Pourtant, il avait toujours su ce qu’il était. Son père le lui avait répété chaque jour depuis l’aveu de sa mère : il était le fils du démon, il était impie, inhumain, abomination. Il n’y avait nul espoir de salut pour lui, son âme était destinée à la damnation, c’était inscrit dans son sang. Son père l'avait élevé dans une seule optique : vaincre le mal par le mal, faire de ses fils les monstres chasseurs de monstre. Et ce principe, Tobias l’avait appliqué bien des années après s’être enfui de la maison familiale. Il s’était obstiné dans cette voix, des années durant, tuant, buvant, baisant, tuant encore, ne laissant à son âme aucun instant de répit pour panser ses blessures. Tous les soirs il sortait, parlant, buvant, buvant, parlant, encore et encore jusqu’à laisser filer le temps, assis au comptoir ou tournant autour du billard, enjôlant des inconnues et des inconnus dont il n’avait jamais l’intention de retenir le nom. Des heures entières perdues juste pour oublier que son lit l’attendait, et avec lui les heures d’insomnies, de cauchemars, d’angoisse. Le sommeil était devenu le repère lugubre d’un monstre cruel qui faisait de ses insomnies son terrain de chasse, qui attendait, tapi, l’instant maudit où il fermerait les yeux et qui le ferait se réveiller, hurlant, suant, dégobillant. Alors il continuait sa beuverie en boîte, tant et si bien qu’il en oubliait la dernière fois qu’il n’avait pas tenu de verre, comme si ce récipient était devenu l’extension de sa main, au point qu’il le gardait en dansant, et il dansait tant qu’il en était rompu, à moins qu’il ne couchât, peut-être, ou peut-être pas, dans ces années, tout était flou. Et le secret contre la gueule de bois ? Ne jamais désaouler.

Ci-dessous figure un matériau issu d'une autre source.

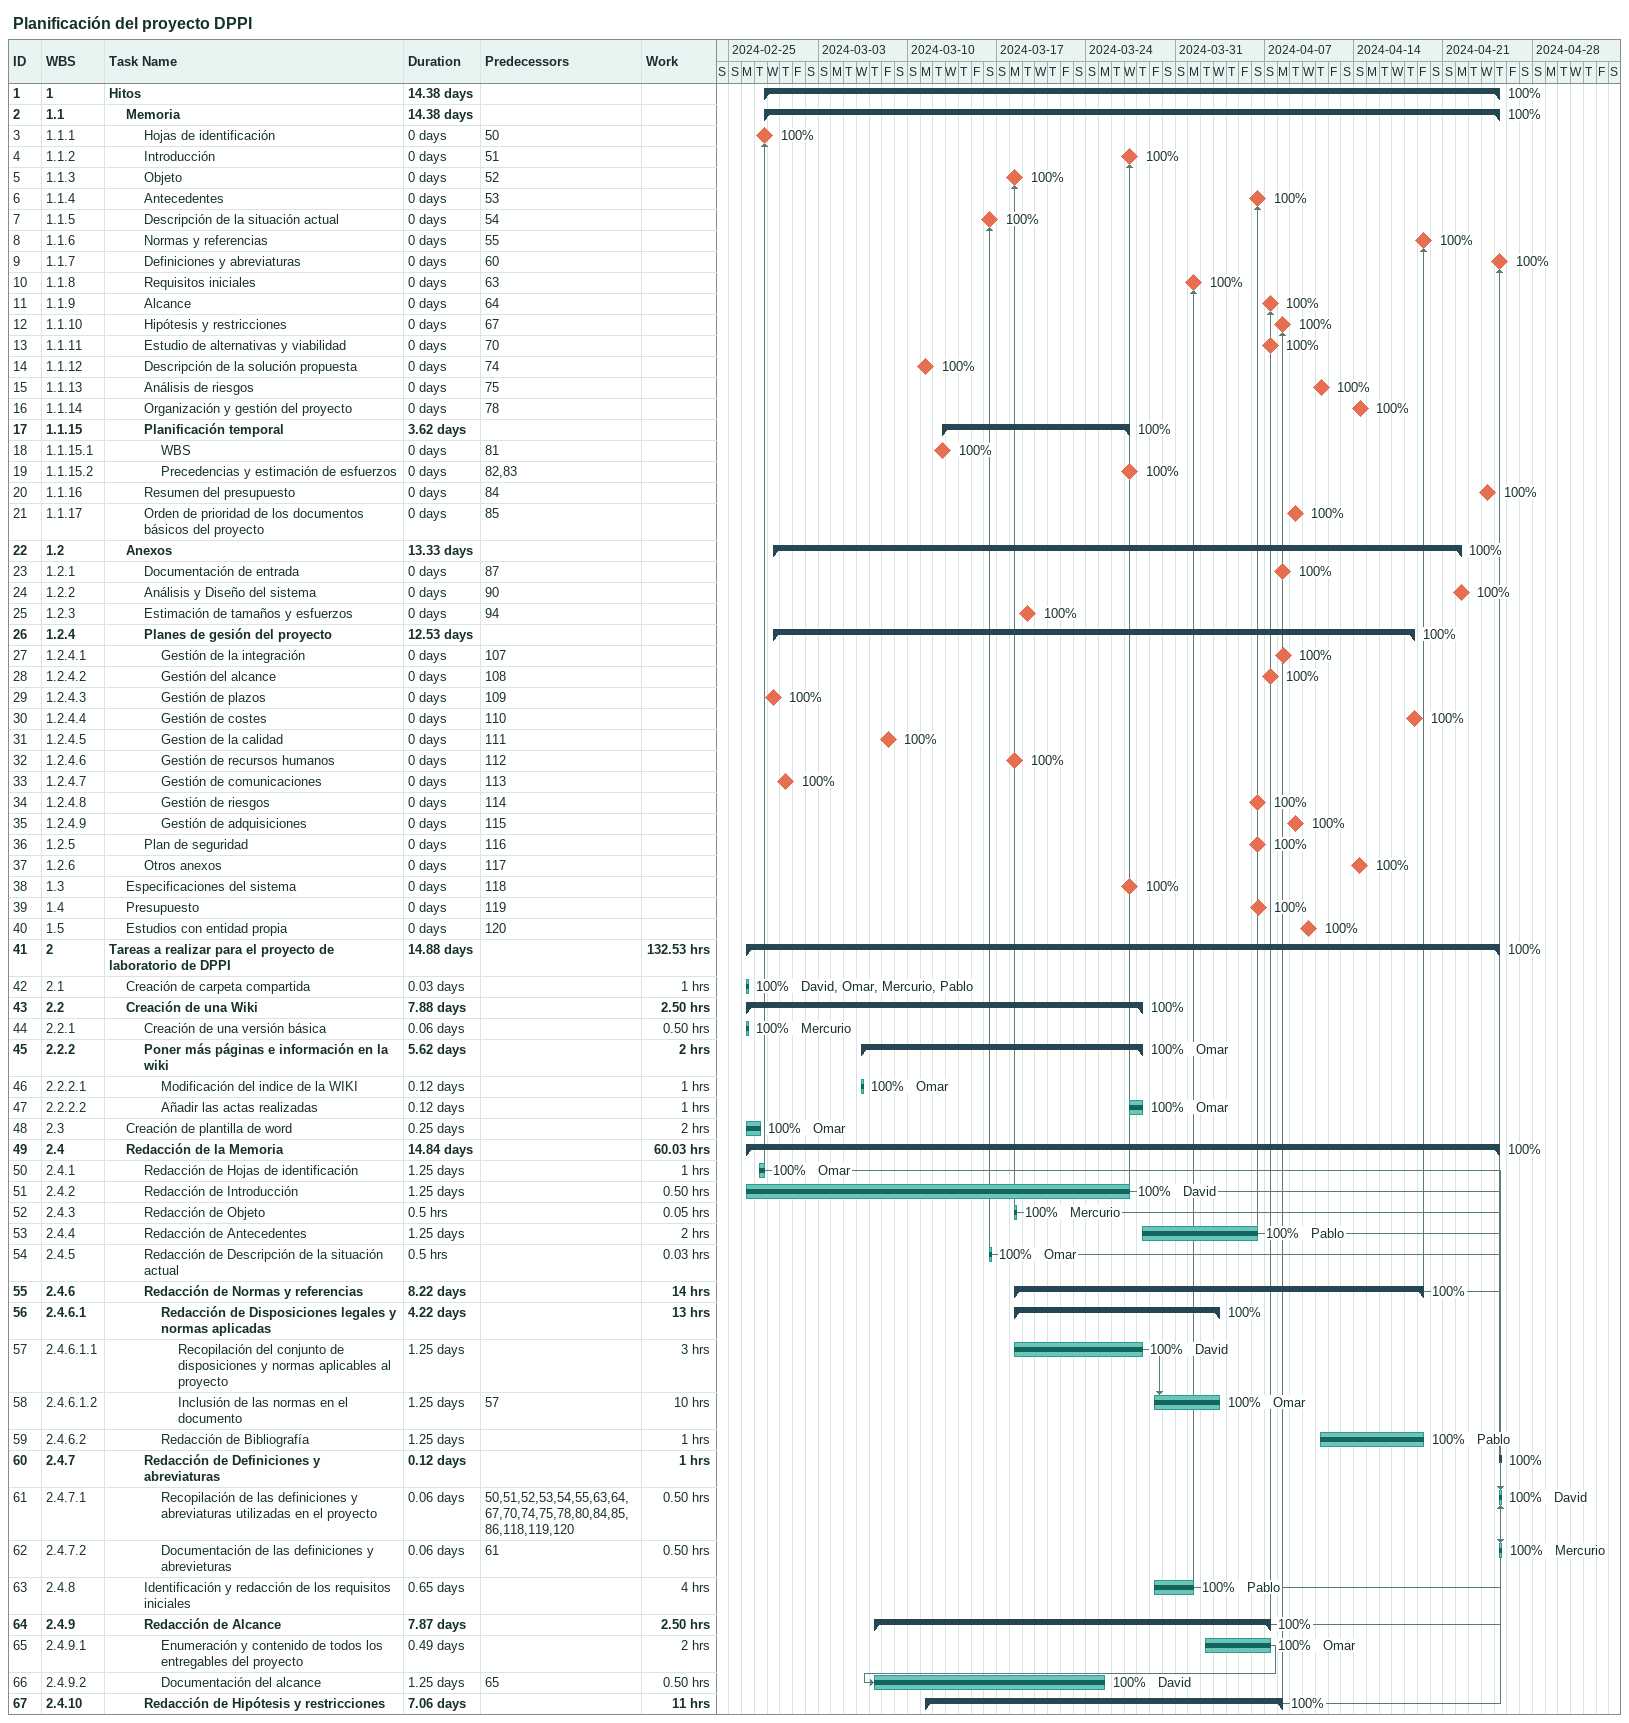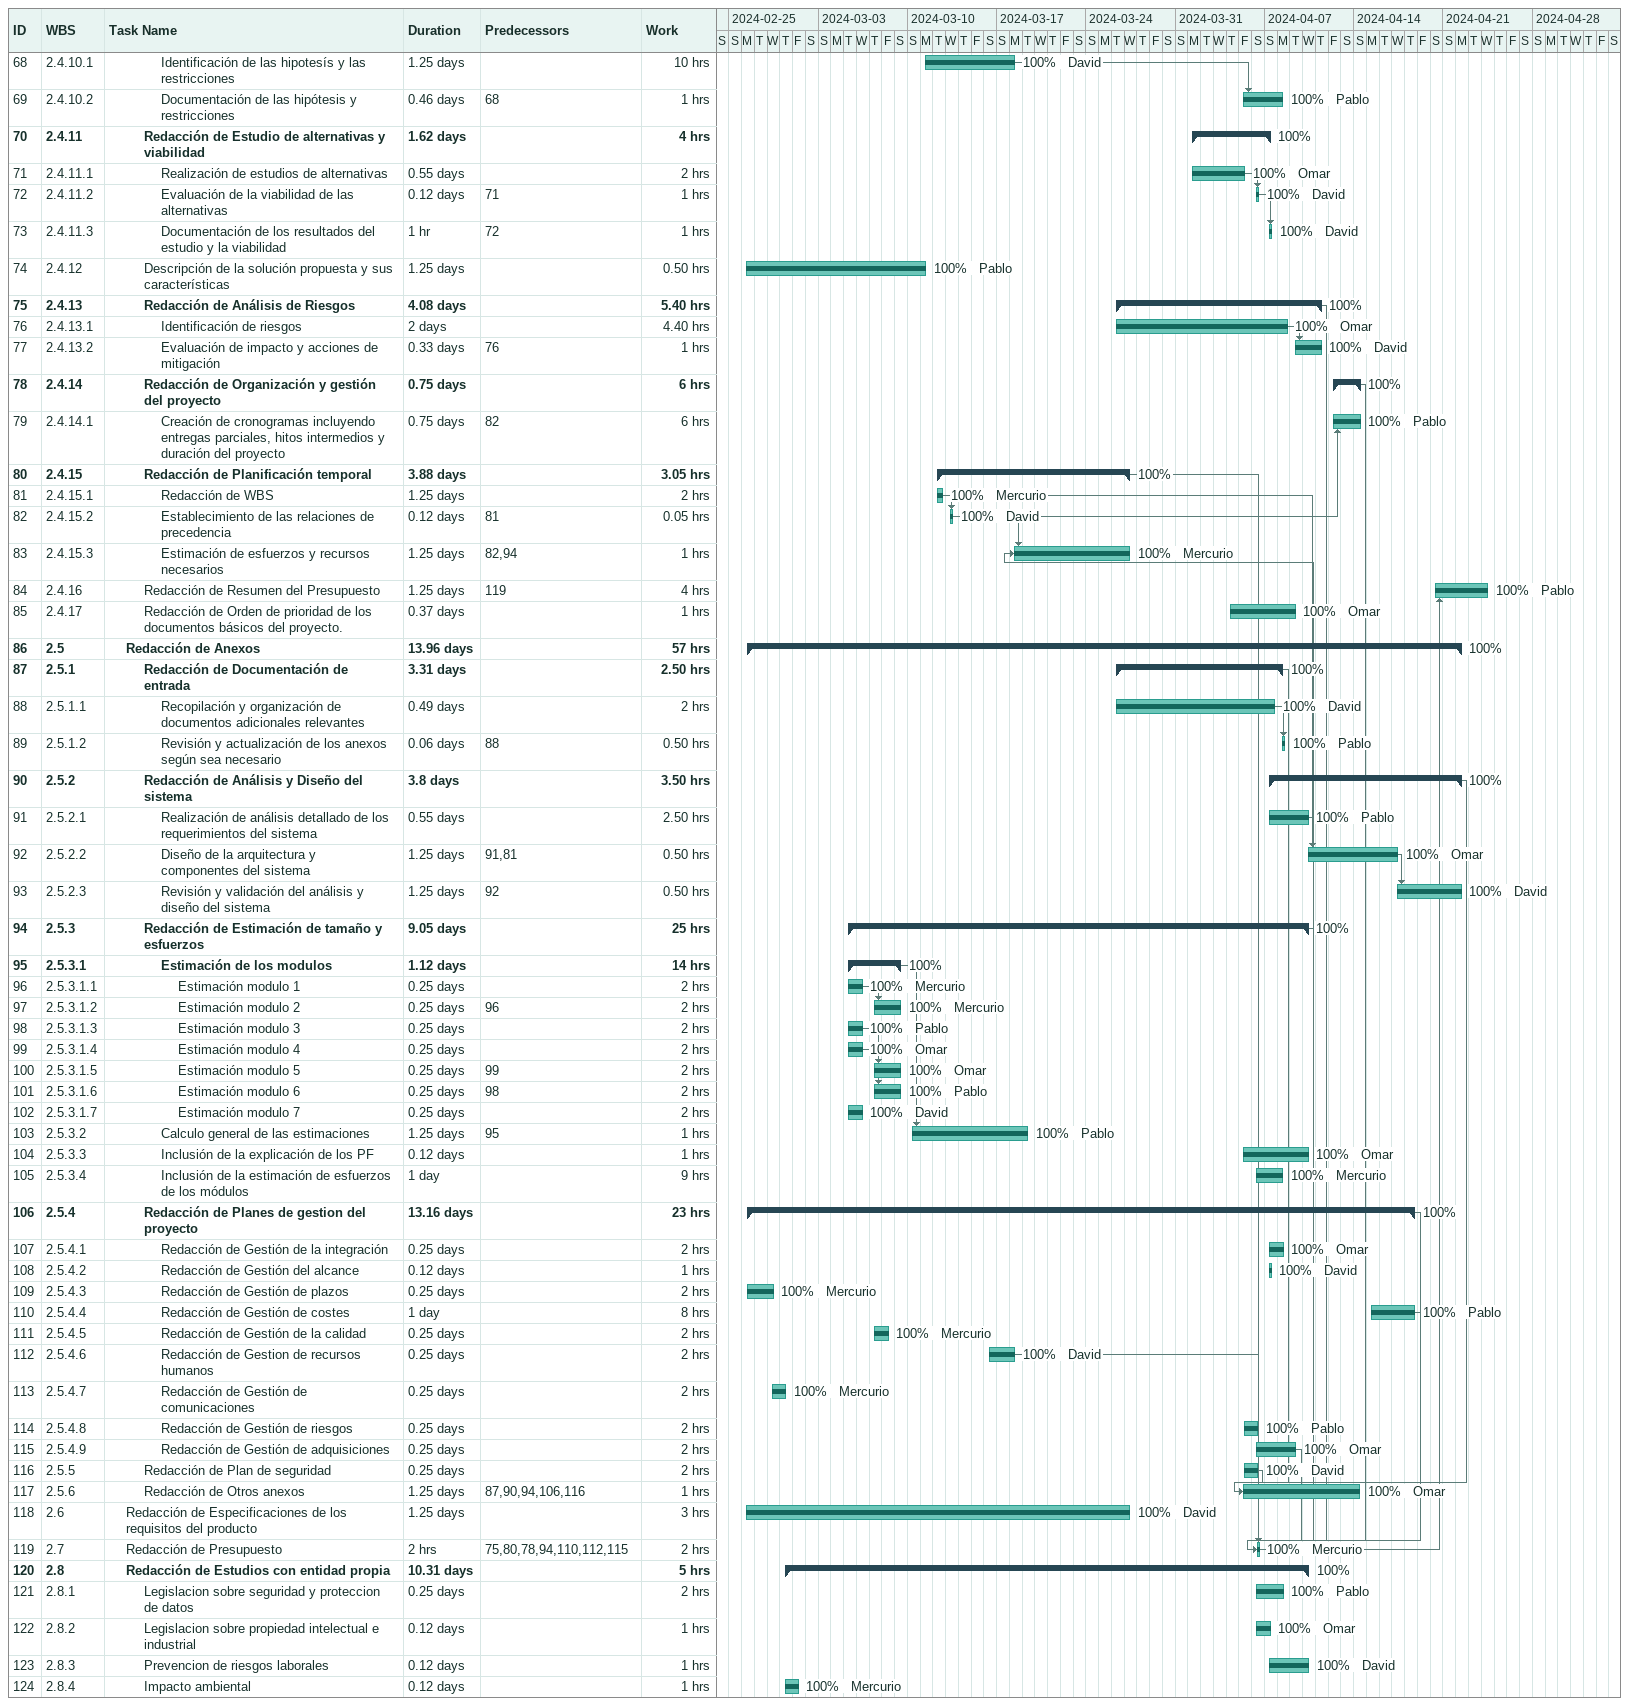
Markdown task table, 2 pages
Planificación del proyecto DPPI

| ID | WBS | Task | Duration | Start | Finish | Predecessors | Resources | % complete | Work (h) |
|---|---|---|---|---|---|---|---|---|---|
| 1 | 1 | **Hitos** | 14.38d | 2024-02-27 | 2024-04-25 |  |  | 100 |  |
| 2 | 1.1 | **Memoria** | 14.38d | 2024-02-27 | 2024-04-25 |  |  | 100 |  |
| 3 | 1.1.1 | Hojas de identificación | 0d | 2024-02-27 | 2024-02-27 | 50 |  | 100 |  |
| 4 | 1.1.2 | Introducción | 0d | 2024-03-27 | 2024-03-27 | 51 |  | 100 |  |
| 5 | 1.1.3 | Objeto | 0d | 2024-03-18 | 2024-03-18 | 52 |  | 100 |  |
| 6 | 1.1.4 | Antecedentes | 0d | 2024-04-06 | 2024-04-06 | 53 |  | 100 |  |
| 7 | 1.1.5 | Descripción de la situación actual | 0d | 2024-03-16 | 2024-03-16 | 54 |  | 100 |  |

Un jour il s’aperçu qu’il avait oublié ce qu’être sobre signifiait. Il fit le compte de ses meurtres, il les comptait par centaines ; il fit le compte de ses amants, il les comptait par milliers. Ici nous aimerions lire que l’amour entra dans sa vie et qu’il décida de changer. Il rencontra l’amour, oui, et sous toutes ses formes, paternel, fraternel, amical, romantique. Mais en vérité, il lui fallut des années pour remonter la pente. Des années pour cesser de compenser l’angoisse par le sexe, pour obtenir la médaille des trois mois de sobriété, pour réapprendre à éprouver de la pitié et de l’amour, pour différencier la colère et la peur. Entre les moments d’idylles et de passion, il y eu la prison, l’hôpital psychiatrique, la dépression, les hallucinations, la rechute, les regrets, le dégoût de soi, des années pour guérir ne serait-ce qu’un peu, sans aucune assurance qu’il ne se briserait pas une nouvelle fois.

Avec le temps, il s’était fait à l’idée. Son âme était en miette. Il avait recollé les morceaux, mais un jour ou l’autre, tout s’écroulerait, comme une tour de kaplas. Il tomberait. Et il se relèverait. 

Mais c’est peut-être parce qu’il était tombé si bas qu’il était remonté si haut.